For every $1M the NT beef industry generated in 2012/13 it created another $510,000 within the NT economy.
For every 100 jobs held in the NT beef industry another 36 are created in the NT economy alone.
(NT DPIF Outlook 2013)
I began writing this blog about service providers to the Live export industry but then realised I couldn’t really do that without showing the fluctuations in the live export markets and how that impact affected producers and thus the flow on to service providers.
Therefore I have broken this topic into 2.
1. NT Live cattle export – Darwin
2. Hay & Fodder Suppliers to Live animal export.
I have not addressed animal welfare issues in these posts as I am working on some other blogs to address that.
Service providers to the Northern Territory live cattle export industry may not directly own cattle, but they fulfil a very important role to enable cattle production.

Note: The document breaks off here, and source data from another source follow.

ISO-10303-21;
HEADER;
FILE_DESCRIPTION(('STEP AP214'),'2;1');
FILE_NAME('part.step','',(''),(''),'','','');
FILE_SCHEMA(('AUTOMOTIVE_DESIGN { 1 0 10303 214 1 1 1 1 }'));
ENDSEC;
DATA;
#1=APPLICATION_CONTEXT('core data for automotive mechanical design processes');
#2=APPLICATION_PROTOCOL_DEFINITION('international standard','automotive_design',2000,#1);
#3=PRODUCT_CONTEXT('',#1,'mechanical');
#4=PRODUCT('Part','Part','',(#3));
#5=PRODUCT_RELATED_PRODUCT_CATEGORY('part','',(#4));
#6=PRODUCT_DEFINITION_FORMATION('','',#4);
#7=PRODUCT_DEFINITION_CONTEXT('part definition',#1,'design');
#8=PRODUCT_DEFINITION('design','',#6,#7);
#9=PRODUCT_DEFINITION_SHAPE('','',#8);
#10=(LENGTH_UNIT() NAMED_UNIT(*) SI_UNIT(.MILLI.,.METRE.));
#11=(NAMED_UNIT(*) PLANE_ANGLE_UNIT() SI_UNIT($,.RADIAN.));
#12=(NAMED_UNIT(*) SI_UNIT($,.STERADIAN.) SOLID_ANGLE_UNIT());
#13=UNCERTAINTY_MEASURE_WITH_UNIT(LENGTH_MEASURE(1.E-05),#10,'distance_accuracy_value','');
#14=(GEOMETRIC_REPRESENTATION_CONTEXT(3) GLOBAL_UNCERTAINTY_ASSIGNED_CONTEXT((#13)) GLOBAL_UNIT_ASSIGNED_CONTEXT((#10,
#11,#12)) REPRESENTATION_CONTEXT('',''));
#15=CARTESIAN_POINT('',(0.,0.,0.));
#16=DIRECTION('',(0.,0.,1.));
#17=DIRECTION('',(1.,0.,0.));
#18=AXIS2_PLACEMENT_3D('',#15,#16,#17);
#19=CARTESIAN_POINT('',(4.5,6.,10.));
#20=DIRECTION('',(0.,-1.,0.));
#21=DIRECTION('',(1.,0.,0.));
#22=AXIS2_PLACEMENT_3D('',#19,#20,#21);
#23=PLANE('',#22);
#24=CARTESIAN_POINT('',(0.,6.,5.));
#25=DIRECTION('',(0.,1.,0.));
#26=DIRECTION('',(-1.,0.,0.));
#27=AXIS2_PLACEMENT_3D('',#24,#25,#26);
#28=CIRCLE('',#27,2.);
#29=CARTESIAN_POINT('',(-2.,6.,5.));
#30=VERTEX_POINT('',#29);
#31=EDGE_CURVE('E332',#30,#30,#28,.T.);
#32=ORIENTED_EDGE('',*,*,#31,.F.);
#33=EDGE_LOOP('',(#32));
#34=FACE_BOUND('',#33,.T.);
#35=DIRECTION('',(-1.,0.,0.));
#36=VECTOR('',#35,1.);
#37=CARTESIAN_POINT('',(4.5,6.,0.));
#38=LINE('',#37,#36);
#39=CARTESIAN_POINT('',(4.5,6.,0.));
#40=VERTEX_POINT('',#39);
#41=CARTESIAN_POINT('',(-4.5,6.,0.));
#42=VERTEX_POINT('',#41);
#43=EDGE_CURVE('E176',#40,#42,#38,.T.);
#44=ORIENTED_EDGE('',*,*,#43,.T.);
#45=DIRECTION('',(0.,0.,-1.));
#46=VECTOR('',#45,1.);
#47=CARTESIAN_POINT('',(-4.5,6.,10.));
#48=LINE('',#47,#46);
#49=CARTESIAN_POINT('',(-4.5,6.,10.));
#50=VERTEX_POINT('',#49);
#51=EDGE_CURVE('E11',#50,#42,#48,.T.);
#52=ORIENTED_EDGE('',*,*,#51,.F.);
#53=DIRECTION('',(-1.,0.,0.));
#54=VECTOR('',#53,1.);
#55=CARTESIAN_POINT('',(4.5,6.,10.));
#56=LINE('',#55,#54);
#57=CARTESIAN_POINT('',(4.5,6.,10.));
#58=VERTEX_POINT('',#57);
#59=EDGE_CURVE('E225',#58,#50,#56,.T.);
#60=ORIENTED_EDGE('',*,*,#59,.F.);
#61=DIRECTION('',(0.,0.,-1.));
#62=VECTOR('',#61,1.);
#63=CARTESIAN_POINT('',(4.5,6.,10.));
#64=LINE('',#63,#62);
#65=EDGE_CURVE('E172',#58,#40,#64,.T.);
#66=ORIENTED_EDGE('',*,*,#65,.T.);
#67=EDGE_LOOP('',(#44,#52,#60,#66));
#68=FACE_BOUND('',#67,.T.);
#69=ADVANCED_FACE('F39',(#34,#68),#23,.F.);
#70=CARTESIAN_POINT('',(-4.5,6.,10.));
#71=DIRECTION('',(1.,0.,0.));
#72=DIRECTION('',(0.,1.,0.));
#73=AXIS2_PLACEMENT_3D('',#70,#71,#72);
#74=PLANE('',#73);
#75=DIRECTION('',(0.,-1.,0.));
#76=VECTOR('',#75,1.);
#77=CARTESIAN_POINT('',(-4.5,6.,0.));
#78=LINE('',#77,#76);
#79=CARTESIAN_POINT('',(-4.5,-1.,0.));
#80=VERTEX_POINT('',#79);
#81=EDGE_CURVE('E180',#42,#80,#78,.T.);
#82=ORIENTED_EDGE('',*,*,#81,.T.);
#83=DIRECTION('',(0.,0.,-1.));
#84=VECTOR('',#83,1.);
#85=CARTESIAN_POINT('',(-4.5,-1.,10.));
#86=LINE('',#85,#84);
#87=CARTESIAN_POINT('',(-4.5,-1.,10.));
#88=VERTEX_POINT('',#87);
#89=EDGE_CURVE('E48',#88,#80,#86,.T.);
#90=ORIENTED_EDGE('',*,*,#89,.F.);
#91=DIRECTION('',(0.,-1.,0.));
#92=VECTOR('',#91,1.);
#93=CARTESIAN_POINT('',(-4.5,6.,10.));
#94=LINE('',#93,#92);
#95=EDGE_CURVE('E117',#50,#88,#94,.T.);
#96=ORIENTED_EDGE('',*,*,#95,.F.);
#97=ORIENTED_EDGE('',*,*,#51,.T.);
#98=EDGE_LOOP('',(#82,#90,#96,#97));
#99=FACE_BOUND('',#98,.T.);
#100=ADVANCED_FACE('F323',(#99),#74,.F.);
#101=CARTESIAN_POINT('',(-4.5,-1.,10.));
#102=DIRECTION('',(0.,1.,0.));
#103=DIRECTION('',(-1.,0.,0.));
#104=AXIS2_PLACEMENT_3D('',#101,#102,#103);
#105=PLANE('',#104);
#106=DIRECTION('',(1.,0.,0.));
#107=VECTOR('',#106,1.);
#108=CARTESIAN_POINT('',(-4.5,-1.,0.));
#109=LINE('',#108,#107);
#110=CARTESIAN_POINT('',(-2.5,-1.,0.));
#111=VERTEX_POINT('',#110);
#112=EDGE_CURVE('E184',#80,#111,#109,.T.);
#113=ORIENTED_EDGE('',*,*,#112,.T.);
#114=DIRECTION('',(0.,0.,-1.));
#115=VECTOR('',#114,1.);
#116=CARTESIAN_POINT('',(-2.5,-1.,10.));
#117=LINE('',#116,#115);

They are many and varied, including fodder producers who grow and provide hay. Transporters , fuel providers or they supply goods and direct services, like stock agents or veterinarians. Without these service providers direct cattle producers simply wouldn’t have the capabilities to operate and conduct, our business of cattle breeding.
Chart 1. Ripple map illustrating the effects that the income of a live export producer has on the service industries and suppliers, in turn the cattle producers heavily rely on these other industries.
As livestock numbers and the value of cattle fluctuate by direct income to producers, that in turn affects the direct supply and demand requirements of supplies.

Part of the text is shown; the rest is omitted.